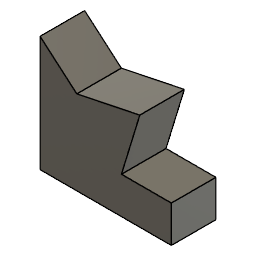
replay (Autodesk Fusion 360 design; units mm, degrees)
Autodesk Fusion 360 part; units mm, degrees
sketch "草图1" plane through (0, 0, 0) normal (0, 0, 1) x (1, 0, 0)
  line L0 (36, 9) -> (36, 23)
  line L1 (36, 23) -> (17, 23)
  line L2 (17, 23) -> (24, 46)
  line L3 (24, 46) -> (0, 41)
  line L4 (0, 41) -> (-14, 53)
  line L5 (-14, 53) -> (-14, 9)
  line L6 (-14, 9) -> (36, 9)
extrude "拉伸1" add sketch "草图1" along normal blind 17
# Autodesk Inventor part: C-channel 1
Saved by Autodesk Inventor 2014 (Build 180170000, 170)
## iProperties
Created: 2014-02-01
Part Number: C-channel 1
Material: Generic
Document SubType Name: Modeling
Designer: Alex
Density: 1 g/cm^3
Appearance: Default
Author: Alex
Autodesk Inventor part; units mm, degrees
ref_plane "YZ Plane" through (0, 0, 0) normal (1, 0, 0) x (0, 1, 0)
ref_plane "XZ Plane" through (0, 0, 0) normal (0, 1, 0) x (-1, 0, 0)
ref_plane "XY Plane" through (0, 0, 0) normal (0, 0, 1) x (1, 0, 0)
ref_plane "Work Plane1" through (0, 0, 0) normal (0, 0, 1) x (1, 0, 0)
sketch "Sketch1" plane through (0, 0, 0) normal (0, 0, 1) x (1, 0, 0)
  arc A0 (-113.2188, 0) -> (-109.7581, 3.4607) centre (-113.2188, 3.4607) ccw projected
  line L0 (-109.7581, 17.1767) -> (-109.7581, 3.4607) projected
  arc A1 (-109.7581, 17.1767) -> (-114.8063, 22.225) centre (-114.8063, 17.1767) ccw projected
  line L1 (-115.8223, 22.225) -> (-114.8063, 22.225) projected
  arc A2 (-115.8223, 22.225) -> (-119.2831, 18.7642) centre (-115.8223, 18.7642) ccw projected
  line L2 (-119.2831, 16.4211) -> (-119.2831, 18.7642) projected
  arc A3 (-119.2831, 16.4211) -> (-116.6161, 16.4211) centre (-117.9496, 16.4211) ccw projected
  line L3 (-116.6161, 18.7642) -> (-116.6161, 16.4211) projected
  arc A4 (-115.8223, 19.558) -> (-116.6161, 18.7642) centre (-115.8223, 18.7642) ccw projected
  line L4 (-114.8063, 19.558) -> (-115.8223, 19.558) projected
  arc A5 (-112.4251, 17.1767) -> (-114.8063, 19.558) centre (-114.8063, 17.1767) ccw projected
  line L5 (-112.4251, 3.4607) -> (-112.4251, 17.1767) projected
  arc A6 (-113.2188, 2.667) -> (-112.4251, 3.4607) centre (-113.2188, 3.4607) ccw projected
  line L6 (-147.5723, 2.667) -> (-113.2188, 2.667) projected
  arc A7 (-148.3661, 3.4607) -> (-147.5723, 2.667) centre (-147.5723, 3.4607) ccw projected
  line L7 (-148.3661, 17.1767) -> (-148.3661, 3.4607) projected
  arc A8 (-145.9848, 19.558) -> (-148.3661, 17.1767) centre (-145.9848, 17.1767) ccw projected
  line L8 (-144.9688, 19.558) -> (-145.9848, 19.558) projected
  arc A9 (-144.1751, 18.7642) -> (-144.9688, 19.558) centre (-144.9688, 18.7642) ccw projected
  line L9 (-144.1751, 16.4211) -> (-144.1751, 18.7642) projected
  arc A10 (-144.1751, 16.4211) -> (-141.5081, 16.4211) centre (-142.8416, 16.4211) ccw projected
  line L10 (-141.5081, 18.7642) -> (-141.5081, 16.4211) projected
  arc A11 (-141.5081, 18.7642) -> (-144.9688, 22.225) centre (-144.9688, 18.7642) ccw projected
  line L11 (-145.9848, 22.225) -> (-144.9688, 22.225) projected
  arc A12 (-145.9848, 22.225) -> (-151.0331, 17.1767) centre (-145.9848, 17.1767) ccw projected
  line L12 (-151.0331, 3.4607) -> (-151.0331, 17.1767) projected
  arc A13 (-151.0331, 3.4607) -> (-147.5723, 0) centre (-147.5723, 3.4607) ccw projected
  line L13 (-113.2188, 0) -> (-147.5723, 0) projected
  point P0 (0, 0)
extrude "Extrusion1" add sketch "Sketch1" along normal blind 796.925
body "Solid1"
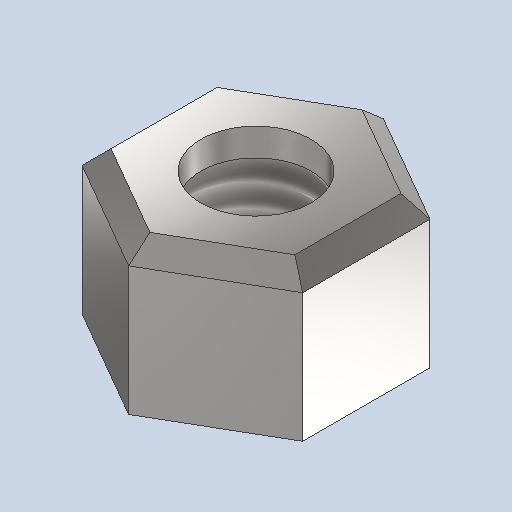
# Autodesk Inventor part: 50
Saved by Autodesk Inventor 2025.1 (Build 291241000, 241)
## iProperties
Created: 2024-09-18
Part Number: 50
Material: Steel, Alloy
Document SubType Name: Modeling
Designer: ffogue
Density: 7.73 g/cm^3
Appearance: Semi-Polished
Author: ffogue
Autodesk Inventor part; units mm, degrees
ref_plane "YZ Plane" through (0, 0, 0) normal (1, 0, 0) x (0, 1, 0)
ref_plane "XZ Plane" through (0, 0, 0) normal (0, 1, 0) x (-1, 0, 0)
ref_plane "XY Plane" through (0, 0, 0) normal (0, 0, 1) x (1, 0, 0)
sketch "Sketch1" plane through (0, 0, 0) normal (0, 0, 1) x (1, 0, 0)
  line L0 (0, 6.9282) -> (6, 3.4641)
  line L1 (6, 3.4641) -> (6, -3.4641)
  line L2 (6, -3.4641) -> (0, -6.9282)
  line L3 (0, -6.9282) -> (-6, -3.4641)
  line L4 (-6, -3.4641) -> (-6, 3.4641)
  line L5 (-6, 3.4641) -> (0, 6.9282)
  point P0 (0, 0)
  point P1 (0, 0)
  point P2 (-6, 0)
  dimension "d0" = 12
  constraints: 12 end point, 1 coincident, 1 horizontal alignment, 1 midpoint, 13 other
  measures "d0" distance between parallel lines of L1 L4
extrude "Extrusion1" add sketch "Sketch1" along normal blind 8
chamfer "Chamfer1" distance 1 angle 45 6 edges at (-3, 5.1962, 8) (3, 5.1962, 8) (6, 0, 8) (3, -5.1962, 8) (-3, -5.1962, 8) (-6, 0, 8)
sketch "Sketch2" plane through (0, 0, 8) normal (0, 0, 1) x (1, 0, 0)
  point P0 (0, 0)
  point P1 (0, 0)
  constraints: 1 coincident
hole "Hole1" at (0, 0, 8) direction (0, 0, -1) diameter 6 depth 1.5
sketch "Sketch3" plane through (0, 0, 0) normal (0, 0, -1) x (-1, 0, 0)
  point P0 (0, 0)
  point P1 (0, 0)
  constraints: 1 coincident
hole "Hole2" at (0, 0, 0) direction (0, 0, 1) diameter 6.647 depth 6.5 thread size "M8x1.25" class "6H" standard "ISO Metric profile"
body "Solid1"

Assigned task: Excluding the pictures, reproduce every entry exactly as given.

Result of the exercise:
replay (Autodesk Fusion 360 design; units mm, degrees)
Autodesk Fusion 360 part; units mm, degrees
sketch "草图1" plane through (0, 0, 0) normal (0, 0, 1) x (1, 0, 0)
  line L0 (36, 9) -> (36, 23)
  line L1 (36, 23) -> (17, 23)
  line L2 (17, 23) -> (24, 46)
  line L3 (24, 46) -> (0, 41)
  line L4 (0, 41) -> (-14, 53)
  line L5 (-14, 53) -> (-14, 9)
  line L6 (-14, 9) -> (36, 9)
extrude "拉伸1" add sketch "草图1" along normal blind 17
# Autodesk Inventor part: C-channel 1
Saved by Autodesk Inventor 2014 (Build 180170000, 170)
## iProperties
Created: 2014-02-01
Part Number: C-channel 1
Material: Generic
Document SubType Name: Modeling
Designer: Alex
Density: 1 g/cm^3
Appearance: Default
Author: Alex
Autodesk Inventor part; units mm, degrees
ref_plane "YZ Plane" through (0, 0, 0) normal (1, 0, 0) x (0, 1, 0)
ref_plane "XZ Plane" through (0, 0, 0) normal (0, 1, 0) x (-1, 0, 0)
ref_plane "XY Plane" through (0, 0, 0) normal (0, 0, 1) x (1, 0, 0)
ref_plane "Work Plane1" through (0, 0, 0) normal (0, 0, 1) x (1, 0, 0)
sketch "Sketch1" plane through (0, 0, 0) normal (0, 0, 1) x (1, 0, 0)
  arc A0 (-113.2188, 0) -> (-109.7581, 3.4607) centre (-113.2188, 3.4607) ccw projected
  line L0 (-109.7581, 17.1767) -> (-109.7581, 3.4607) projected
  arc A1 (-109.7581, 17.1767) -> (-114.8063, 22.225) centre (-114.8063, 17.1767) ccw projected
  line L1 (-115.8223, 22.225) -> (-114.8063, 22.225) projected
  arc A2 (-115.8223, 22.225) -> (-119.2831, 18.7642) centre (-115.8223, 18.7642) ccw projected
  line L2 (-119.2831, 16.4211) -> (-119.2831, 18.7642) projected
  arc A3 (-119.2831, 16.4211) -> (-116.6161, 16.4211) centre (-117.9496, 16.4211) ccw projected
  line L3 (-116.6161, 18.7642) -> (-116.6161, 16.4211) projected
  arc A4 (-115.8223, 19.558) -> (-116.6161, 18.7642) centre (-115.8223, 18.7642) ccw projected
  line L4 (-114.8063, 19.558) -> (-115.8223, 19.558) projected
  arc A5 (-112.4251, 17.1767) -> (-114.8063, 19.558) centre (-114.8063, 17.1767) ccw projected
  line L5 (-112.4251, 3.4607) -> (-112.4251, 17.1767) projected
  arc A6 (-113.2188, 2.667) -> (-112.4251, 3.4607) centre (-113.2188, 3.4607) ccw projected
  line L6 (-147.5723, 2.667) -> (-113.2188, 2.667) projected
  arc A7 (-148.3661, 3.4607) -> (-147.5723, 2.667) centre (-147.5723, 3.4607) ccw projected
  line L7 (-148.3661, 17.1767) -> (-148.3661, 3.4607) projected
  arc A8 (-145.9848, 19.558) -> (-148.3661, 17.1767) centre (-145.9848, 17.1767) ccw projected
  line L8 (-144.9688, 19.558) -> (-145.9848, 19.558) projected
  arc A9 (-144.1751, 18.7642) -> (-144.9688, 19.558) centre (-144.9688, 18.7642) ccw projected
  line L9 (-144.1751, 16.4211) -> (-144.1751, 18.7642) projected
  arc A10 (-144.1751, 16.4211) -> (-141.5081, 16.4211) centre (-142.8416, 16.4211) ccw projected
  line L10 (-141.5081, 18.7642) -> (-141.5081, 16.4211) projected
  arc A11 (-141.5081, 18.7642) -> (-144.9688, 22.225) centre (-144.9688, 18.7642) ccw projected
  line L11 (-145.9848, 22.225) -> (-144.9688, 22.225) projected
  arc A12 (-145.9848, 22.225) -> (-151.0331, 17.1767) centre (-145.9848, 17.1767) ccw projected
  line L12 (-151.0331, 3.4607) -> (-151.0331, 17.1767) projected
  arc A13 (-151.0331, 3.4607) -> (-147.5723, 0) centre (-147.5723, 3.4607) ccw projected
  line L13 (-113.2188, 0) -> (-147.5723, 0) projected
  point P0 (0, 0)
extrude "Extrusion1" add sketch "Sketch1" along normal blind 796.925
body "Solid1"
# Autodesk Inventor part: 50
Saved by Autodesk Inventor 2025.1 (Build 291241000, 241)
## iProperties
Created: 2024-09-18
Part Number: 50
Material: Steel, Alloy
Document SubType Name: Modeling
Designer: ffogue
Density: 7.73 g/cm^3
Appearance: Semi-Polished
Author: ffogue
Autodesk Inventor part; units mm, degrees
ref_plane "YZ Plane" through (0, 0, 0) normal (1, 0, 0) x (0, 1, 0)
ref_plane "XZ Plane" through (0, 0, 0) normal (0, 1, 0) x (-1, 0, 0)
ref_plane "XY Plane" through (0, 0, 0) normal (0, 0, 1) x (1, 0, 0)
sketch "Sketch1" plane through (0, 0, 0) normal (0, 0, 1) x (1, 0, 0)
  line L0 (0, 6.9282) -> (6, 3.4641)
  line L1 (6, 3.4641) -> (6, -3.4641)
  line L2 (6, -3.4641) -> (0, -6.9282)
  line L3 (0, -6.9282) -> (-6, -3.4641)
  line L4 (-6, -3.4641) -> (-6, 3.4641)
  line L5 (-6, 3.4641) -> (0, 6.9282)
  point P0 (0, 0)
  point P1 (0, 0)
  point P2 (-6, 0)
  dimension "d0" = 12
  constraints: 12 end point, 1 coincident, 1 horizontal alignment, 1 midpoint, 13 other
  measures "d0" distance between parallel lines of L1 L4
extrude "Extrusion1" add sketch "Sketch1" along normal blind 8
chamfer "Chamfer1" distance 1 angle 45 6 edges at (-3, 5.1962, 8) (3, 5.1962, 8) (6, 0, 8) (3, -5.1962, 8) (-3, -5.1962, 8) (-6, 0, 8)
sketch "Sketch2" plane through (0, 0, 8) normal (0, 0, 1) x (1, 0, 0)
  point P0 (0, 0)
  point P1 (0, 0)
  constraints: 1 coincident
hole "Hole1" at (0, 0, 8) direction (0, 0, -1) diameter 6 depth 1.5
sketch "Sketch3" plane through (0, 0, 0) normal (0, 0, -1) x (-1, 0, 0)
  point P0 (0, 0)
  point P1 (0, 0)
  constraints: 1 coincident
hole "Hole2" at (0, 0, 0) direction (0, 0, 1) diameter 6.647 depth 6.5 thread size "M8x1.25" class "6H" standard "ISO Metric profile"
body "Solid1"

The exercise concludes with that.